Mesha Sankranti (14 April 2019) is also known as Maha Vishuva Sankranti. According to Vedic astrology on this day the Sun enters Mesha Rashi or Aries Zodiac. This day marks the beginning of the New Year in most Hindu Solar Calendars.
The calendars can be grouped in five main variations. Two are solar, three are lunar.
The first solar group starts on the Tropical Equinox, when the day and nights are equal, around 21 March. The Indian National Calendar and the Parsi Navroz are in this category.

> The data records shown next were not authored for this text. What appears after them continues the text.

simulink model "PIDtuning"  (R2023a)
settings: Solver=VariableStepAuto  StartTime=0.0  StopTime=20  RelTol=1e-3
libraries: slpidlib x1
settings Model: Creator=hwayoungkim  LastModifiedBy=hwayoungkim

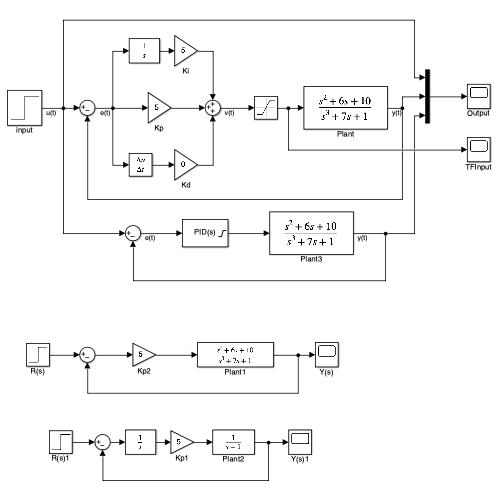
[thumbnail: Simulink's stored preview of the top-level diagram]
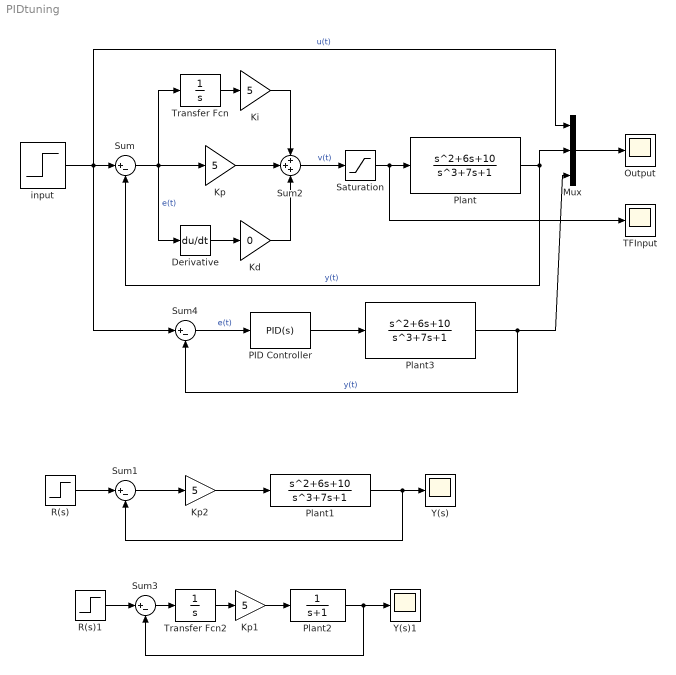
== system PIDtuning ==
  Derivative : Derivative
  Kd : Gain  Gain=0
  Ki : Gain  Gain=5
  Kp : Gain  Gain=5
  Kp1 : Gain  Gain=5
  Kp2 : Gain  Gain=5
  Mux : Mux  Inputs=3
  Output : Scope
  PID Controller : slpidlib/PID Controller  Controller=PID  Form=Parallel  TimeDomain=Continuous-time  UseExternalTs=off  SampleTime=-1  IntegratorMethod=Forward Euler  FilterMethod=Forward Euler  ControllerParametersSource=internal  P=5  I=5  UseKiTs=off  D=0  N=100  UseFilter=on  TunerSelectOption=Transfer Function Based (PID Tuner App)  InitialConditionSource=internal  InitialConditionForIntegrator=0  InitialConditionForFilter=0  DifferentiatorICPrevScaledInput=0  ExternalReset=none  TrackingMode=off  Kt=1  LimitOutput=on  SatLimitsSource=internal  UpperSaturationLimit=2  LowerSaturationLimit=-2  LinearizeAsGain=off  AntiWindupMode=none  Kb=1  LimitIntegrator=off  UpperIntegratorSaturationLimit=inf  LowerIntegratorSaturationLimit=-inf  POutMin=[]  POutMax=[]  IOutMin=[]  IOutMax=[]  DOutMin=[]  DOutMax=[]  NOutMin=[]  NOutMax=[]  SumOutMin=[]  SumOutMax=[]  SaturationOutMin=[]  SaturationOutMax=[]  PParamMin=[]  PParamMax=[]  IParamMin=[]  IParamMax=[]  DParamMin=[]  DParamMax=[]  NParamMin=[]  NParamMax=[]  KbParamMin=[]  KbParamMax=[]  KtParamMin=[]  KtParamMax=[]  KbOutMin=[]  KbOutMax=[]  KtOutMin=[]  KtOutMax=[]  IntegratorOutMin=[]  IntegratorOutMax=[]  FilterOutMin=[]  FilterOutMax=[]  SumI1OutMin=[]  SumI1OutMax=[]  SumI2OutMin=[]  SumI2OutMax=[]  SumI3OutMin=[]  SumI3OutMax=[]  SumI4OutMin=[]  SumI4OutMax=[]  SumDOutMin=[]  SumDOutMax=[]  DifferentiatorOutMin=[]  DifferentiatorOutMax=[]  FilterDiffOutCoefMin=[]  FilterDiffOutCoefMax=[]  ReciprocalOutMin=[]  ReciprocalOutMax=[]  SumDenOutMin=[]  SumDenOutMax=[]  SumNumOutMin=[]  SumNumOutMax=[]  DivideOutMin=[]  DivideOutMax=[]  UdiffTsProdOutMin=[]  UdiffTsProdOutMax=[]  NTsProdOutMin=[]  NTsProdOutMax=[]  UintegralTsProdOutMin=[]  UintegralTsProdOutMax=[]  UngainTsProdOutMin=[]  UngainTsProdOutMax=[]  ClampingZeroOutDataTypeStr=Inherit: Inherit via back propagation  ClampingZeroOutMin=[]  ClampingZeroOutMax=[]  FilterDenConstantOutDataTypeStr=Inherit: Inherit via back propagation  FilterDenConstantOutMin=[]  FilterDenConstantOutMax=[]  PCopyOutDataTypeStr=Inherit: Inherit via back propagation  PCopyOutMin=[]  PCopyOutMax=[]  NCopyOutDataTypeStr=Inherit: Inherit via back propagation  NCopyOutMin=[]  NCopyOutMax=[]  IntegratorContinuousStateAttributes=''  IntegratorStateMustResolveToSignalObject=off  IntegratorRTWStateStorageClass=Auto  FilterContinuousStateAttributes=''  FilterStateMustResolveToSignalObject=off  FilterRTWStateStorageClass=Auto  ParallelPVariant=InternalParameters  IdealPVariant=Disabled  IVariant=InternalParameters  DVariant=InternalParameters  IntegratorVariant=Continuous  SatVariant=Enabled  AWVariant=Passthrough  PCopyVariant=Disabled  TRVariant=Disabled  FdbkBlocksVariant=Forward  IdealPFdbkVariant=Disabled  SatFdbkVariant=Disabled  DerivativeFilterVariant=ContFilter  NVariant=InternalParameters  NCopyVariant=Disabled  FilterICVariant=InternalICsFilter  IntegratorICVariant=InternalICs  ExternalResetVariant=Disabled  TRSumVariant=Passthrough  SumFdbkVariant=Disabled  SumVariant=Sum_PID  TsampFilterVariant=InternalTs  TsampNgainVariant=Passthrough  TsampIntegralVariant=Disabled_SignalSpec  ExternalSaturationOutDataTypeStr=Inherit: Same as second input
  Plant : TransferFcn  Numerator=[1 6 10]  Denominator=[1 0 7 1]
  Plant1 : TransferFcn  Numerator=[1 6 10]  Denominator=[1 0 7 1]
  Plant2 : TransferFcn  Denominator=[1 1]
  Plant3 : TransferFcn  Numerator=[1 6 10]  Denominator=[1 0 7 1]
  R(s) : Step  SampleTime=0
  R(s)1 : Step  SampleTime=0
  Saturation : Saturate  UpperLimit=2  LowerLimit=-2
  Sum{,1,3..4} (4 alike) : Sum  Inputs=|+-
  Sum2 : Sum  Inputs=+++
  TFInput : Scope
  Transfer Fcn : TransferFcn  Denominator=[1 0]
  Transfer Fcn2 : TransferFcn  Denominator=[1 0]
  Y(s) : Scope
  Y(s)1 : Scope
  input : Step  After=5  SampleTime=0
  wires:
  Sum/1 -> Derivative/1, Transfer Fcn/1, Kp/1  "e(t)"
  input/1 -> Sum4/1, Sum/1, Mux/1  "u(t)"
  R(s)/1 -> Sum1/1
  Mux/1 -> Output/1
  Plant/1 -> Sum/2, Mux/2  "y(t)"
  Plant1/1 -> Sum1/2, Y(s)/1
  Transfer Fcn/1 -> Ki/1
  Sum2/1 -> Saturation/1  "v(t)"
  Ki/1 -> Sum2/1
  Kp/1 -> Sum2/2
  Kp2/1 -> Plant1/1
  Sum1/1 -> Kp2/1
  Kp1/1 -> Plant2/1
  Sum3/1 -> Transfer Fcn2/1
  Plant2/1 -> Sum3/2, Y(s)1/1
  R(s)1/1 -> Sum3/1
  Transfer Fcn2/1 -> Kp1/1
  Derivative/1 -> Kd/1
  Kd/1 -> Sum2/3
  Saturation/1 -> TFInput/1, Plant/1
  Sum4/1 -> PID Controller/1  "e(t)"
  PID Controller/1 -> Plant3/1
  Plant3/1 -> Mux/3, Sum4/2  "y(t)"

The second solar group starts on the Sidereal Equinox, which adjusts for the wobble in the tilt of the earth. It starts around April 14. The calendars of Tamil Nadu, Kerala, Odisha, Assam (Bihu), West Bengal and Punjab (Baisakhi) are in this group. The tropical new year shifts away from the sidereal new year by about a day, every seventy years. More on sidereal calendar in Zodiac, equinoX and the Wobble.
The first lunar group starts on the full moon following the equinox. This is Holi, celebrated as new year in Haryana, Bihar, Rajasthan, Madhya Pradesh, Uttarakhand, Jharkhand and Chhattisgarh.
The second lunar group starts on the new moon following the equinox. This is Ugadi in Karnataka, Andhra Pradesh, Telengana, Maharashtra and Konkan; Navreh in Kashmir and Vishu in Manipur.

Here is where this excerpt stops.